Vinod mengatakan, dari penjelasan Kepala Badan Litbangkes Siswanto dan Kepala Pusat Penelitian dan Pengembangan Biomedis dan Teknologi Dasar Kesehatan, Balitbangkes Vivi Setiawaty, WHO mengetahui bagaimana prosedur dan proses pengecekkan sampel reagen, hingga konfirmasi pengetesan sampel di Indonesia.

"Mereka sudah melakukan pemeriksaan untuk 64 sampel pada beberapa minggu lalu, dan mengonfirmasi bahwa tidak ada virus corona dan jadi menurut kami labnya sangat capable dan telah memiliki semua keperluan reagen untuk memeriksa kasus ini," jelasnya.

Medical Officer at WHO Vinod Kumar Bura (Mery Handayani/VOI)

Meski sudah dipastikan kapabilitas Indonesia, Vinod menyarankan Indonesia untuk terus melakukan antisipasi dan mempersiapkan segalanya, termasuk kabar buruk bila ada yang dinyatakan positif virus corona di Indonesia.

"Saya pikir iya (harus ada yang dilakukan), karena Indonesia adalah negara yang besar, kita harus bersiap.

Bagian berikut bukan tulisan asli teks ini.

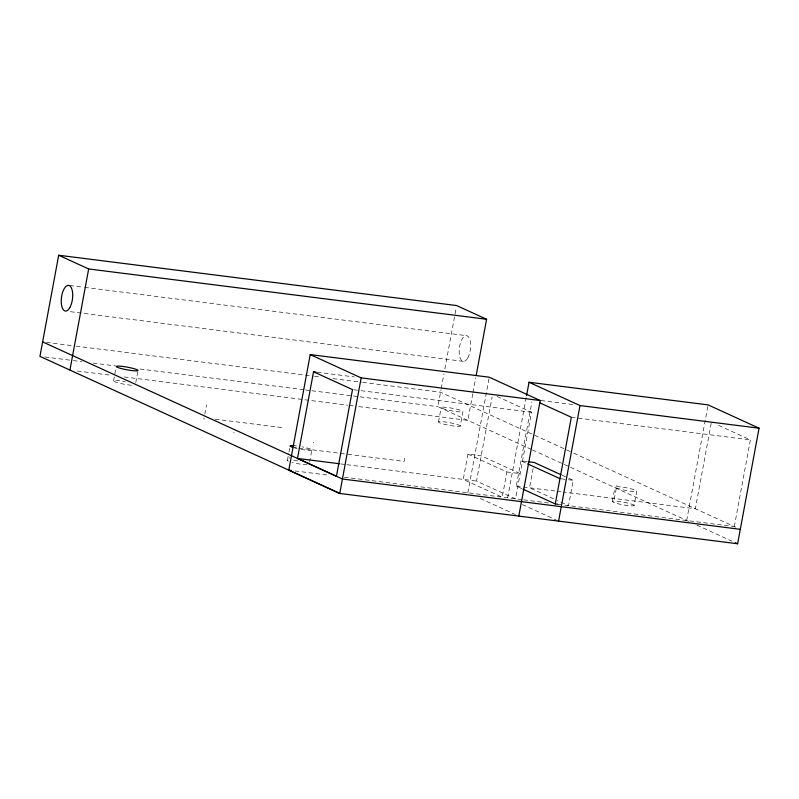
<?xml version="1.0" encoding="UTF-8"?>
<svg xmlns="http://www.w3.org/2000/svg" width="799" height="799" viewBox="0 0 799 799"><rect width="100%" height="100%" fill="white"/><g stroke="black" fill="none" stroke-linecap="round" stroke-linejoin="round"><path stroke-width="0.6" stroke-dasharray="4 3" d="M233.847 432.948L233.987 432.199M289.298 458.306L289.438 457.557M313.408 443.006L313.538 442.256M375.051 460.224L375.19 459.475M402.037 472.559L402.167 471.81M113.558 380.813L115.795 368.778M135.76 382.601L137.997 370.566M203.875 419.245L204.145 417.757M204.804 414.222L206.551 404.793M287.43 460.304L288.769 453.083M288.998 451.884L289.667 448.269M309.603 462.132L311.83 450.097A11.096 1.338 10.5 0 0 302.052 446.831M404.713 458.117L404.104 461.403L346.506 454.122M531.335 449.408L437.882 406.671L441.008 389.782M441.238 388.564L443.954 373.912M444.853 369.028L456.169 307.995M438.501 421.882L441.178 407.44M460.234 426.107A11.096 1.338 10.5 0 0 444.823 421.932A11.096 1.338 10.5 0 0 443.046 423.939A11.096 1.338 10.5 0 0 460.234 426.107L462.911 411.665A11.096 1.338 10.5 0 0 447.5 407.49A11.096 1.338 10.5 0 0 445.722 409.497A11.096 1.338 10.5 0 0 462.911 411.665M472.798 393.727L467.854 420.384L355.395 406.162M473.018 392.509L475.735 377.857M467.934 454.122L463.25 479.41L502.221 497.228L506.906 471.949L467.934 454.122L481.198 455.8L520.169 473.627L506.906 471.949M467.844 492.783L489.038 378.436M497.038 396.444L531.545 412.234L515.485 498.906L476.514 481.078L492.124 396.853M507.635 497.817L526.341 396.853M521.867 488.658L516.304 486.112L531.914 401.877M533.133 468.534L529.567 487.789L556.284 500.014M568.768 478.291L573.223 480.329L568.528 505.607L557.402 500.524M612.364 501.382L615.04 486.941M614.251 499.275L616.908 484.943M634.086 505.617A11.096 1.338 10.5 0 0 618.726 501.452A11.096 1.338 10.5 0 0 616.858 503.44A11.096 1.338 10.5 0 0 634.086 505.617L636.763 491.175A11.096 1.338 10.5 0 0 621.402 487A11.096 1.338 10.5 0 0 619.535 488.998A11.096 1.338 10.5 0 0 636.763 491.175M686.671 520.449L707.864 406.102M711.18 423.3L695.35 508.753L563.225 492.044M734.311 526.571L750.381 439.899L716.973 424.619M69.813 285.513L83.406 287.231M84.644 287.39L466.506 335.67M70.342 311.69L463.32 361.368M317.243 372.244L354.287 376.928M541.013 400.529L574.351 404.743M46.392 342.391L74.806 345.987M76.045 346.137L313.288 376.129M314.526 376.289L320.699 377.068M333.053 378.636L361.478 382.232M362.716 382.381L440.559 392.229L572.553 452.594M353.737 389.752L359.91 390.531M361.148 390.691L531.545 412.234M571.335 417.258L750.381 439.899M44.894 356.983L72.08 360.419M73.318 360.579L81.967 361.667M93.093 363.076L115.336 365.892M140.055 369.018L304.409 389.792M305.647 389.952L310.591 390.581M311.83 390.731L358.791 396.674M360.019 396.823L437.882 406.671M77.343 371.006L111.94 375.38M124.304 376.948L347.984 405.223M349.213 405.383L354.157 406.002M215.161 419.155L283.705 427.825M527.02 461.592L520.988 460.833L526.551 463.38M561.158 478.811L567.19 479.57M568.399 479.72L573.223 480.329M292.594 447.31L297.498 447.929M298.726 448.079L339.156 453.193M340.384 453.353L345.288 453.972M340.694 463.909L345.627 464.539M346.866 464.688L476.514 481.078M516.304 486.112L555.814 491.105M557.053 491.265L561.987 491.894M294.971 470.931L328.309 475.145M344.369 477.173L522.446 499.695M523.685 499.844L548.374 502.971M557.742 504.249L733.082 526.411M573.682 453.113L735.779 527.24M532.464 449.927L563.065 463.929M564.204 464.439L688.938 521.487M696.828 525.093L731.974 541.173M562.087 475.235L567.65 477.782M522.356 504.549L557.452 520.608M480.299 498.486L515.405 514.536M131.495 385.238A11.096 1.338 10.5 0 1 114.037 381.423A11.096 1.338 10.5 0 1 125.343 381.722M307.166 464.828A11.096 1.338 10.5 0 1 291.925 462.361M288.349 461.163A11.096 1.338 10.5 0 1 288.079 460.084M293.802 460.364A11.096 1.338 10.5 0 1 298.427 461.093M311.87 450.047A11.096 1.338 10.5 0 1 300.843 449.308M297.118 448.539A11.096 1.338 10.5 0 1 294.601 447.919M294.052 445.662A11.096 1.338 10.5 0 1 296.479 445.922M467.695 358.042A12.954 5.553 -82.8 0 0 467.884 336.269A12.954 5.553 -82.8 0 0 459.175 351.25A12.954 5.553 -82.8 0 0 467.695 358.042"/><path stroke-width="1.2" d="M526.571 395.635L529.048 382.252L708.094 404.893L759.05 428.194L737.627 543.759L339.755 493.452L39.95 356.364L58.687 255.241L456.619 305.548L486.591 319.26L476.184 375.41M58.687 255.241L88.669 268.953L69.922 370.067M310.222 354.586L361.178 377.887L339.755 493.452L288.799 470.152L310.222 354.586L489.258 377.218L540.224 400.529L518.801 516.094M313.538 371.775L352.509 389.592L336.439 476.264L297.478 458.446L313.538 371.775L316.005 372.084M557.742 504.249L555.275 503.939L571.335 417.258L540.164 403.006M558.591 521.118L580.004 405.562L529.048 382.252M88.669 268.953L486.591 319.26M361.178 377.887L540.224 400.529M580.004 405.562L759.05 428.194M528.219 461.752L534.251 462.511L560.968 474.726M297.478 458.446L339.455 463.75M288.799 470.152L291.265 470.461M740.313 529.318L342.431 479.01L42.687 341.922M735.36 542.721L737.627 543.759M527.67 463.889L559.959 478.651M522.985 489.168L555.275 503.939M292.524 447.3A11.096 1.338 10.5 0 1 294.052 445.662M69.763 307.735A12.954 5.553 -82.8 0 0 69.952 285.962A12.954 5.553 -82.8 0 0 61.243 300.933A12.954 5.553 -82.8 0 0 69.763 307.735M120.889 368.449A11.096 1.338 10.5 0 0 137.997 370.566A11.096 1.338 10.5 0 0 122.457 366.391A11.096 1.338 10.5 0 0 120.889 368.449"/></g></svg>

Jadi saya pikir untuk mempersiapkan hal ini dan juga membangun kesadaran masyarakat, orang harus sadar, dan memastikan," jelasnya.

"Setiap negara harus mempersiapkan, dan saya pikir Indonesia juga sudah mempersiapkan, bahwa semua pihak harus punya kesadaran, masyarakat juga harus sadar, dan semua fasilitas juga berfungsi," sambungnya.

Menurut Vinod, WHO masih terus melakukan pamantauan terhadap virus corona ini, yang sudah mewabah kurang lebih selama sebulan. Apalagi, terkait penularannya yang masih ditemukan bisa dengan berbagai cara dan masih belum bisa disimpulkan dengan tepat.

"Kita terus memonitor penyakit ini bagaimana perkembangan penyakit ini, karena penyakit ini tidak diketahui sebelumnya, jadi kita terus memonitor dan memantau dan memastikan persiapan sudah dengan level tertinggi," jelasnya.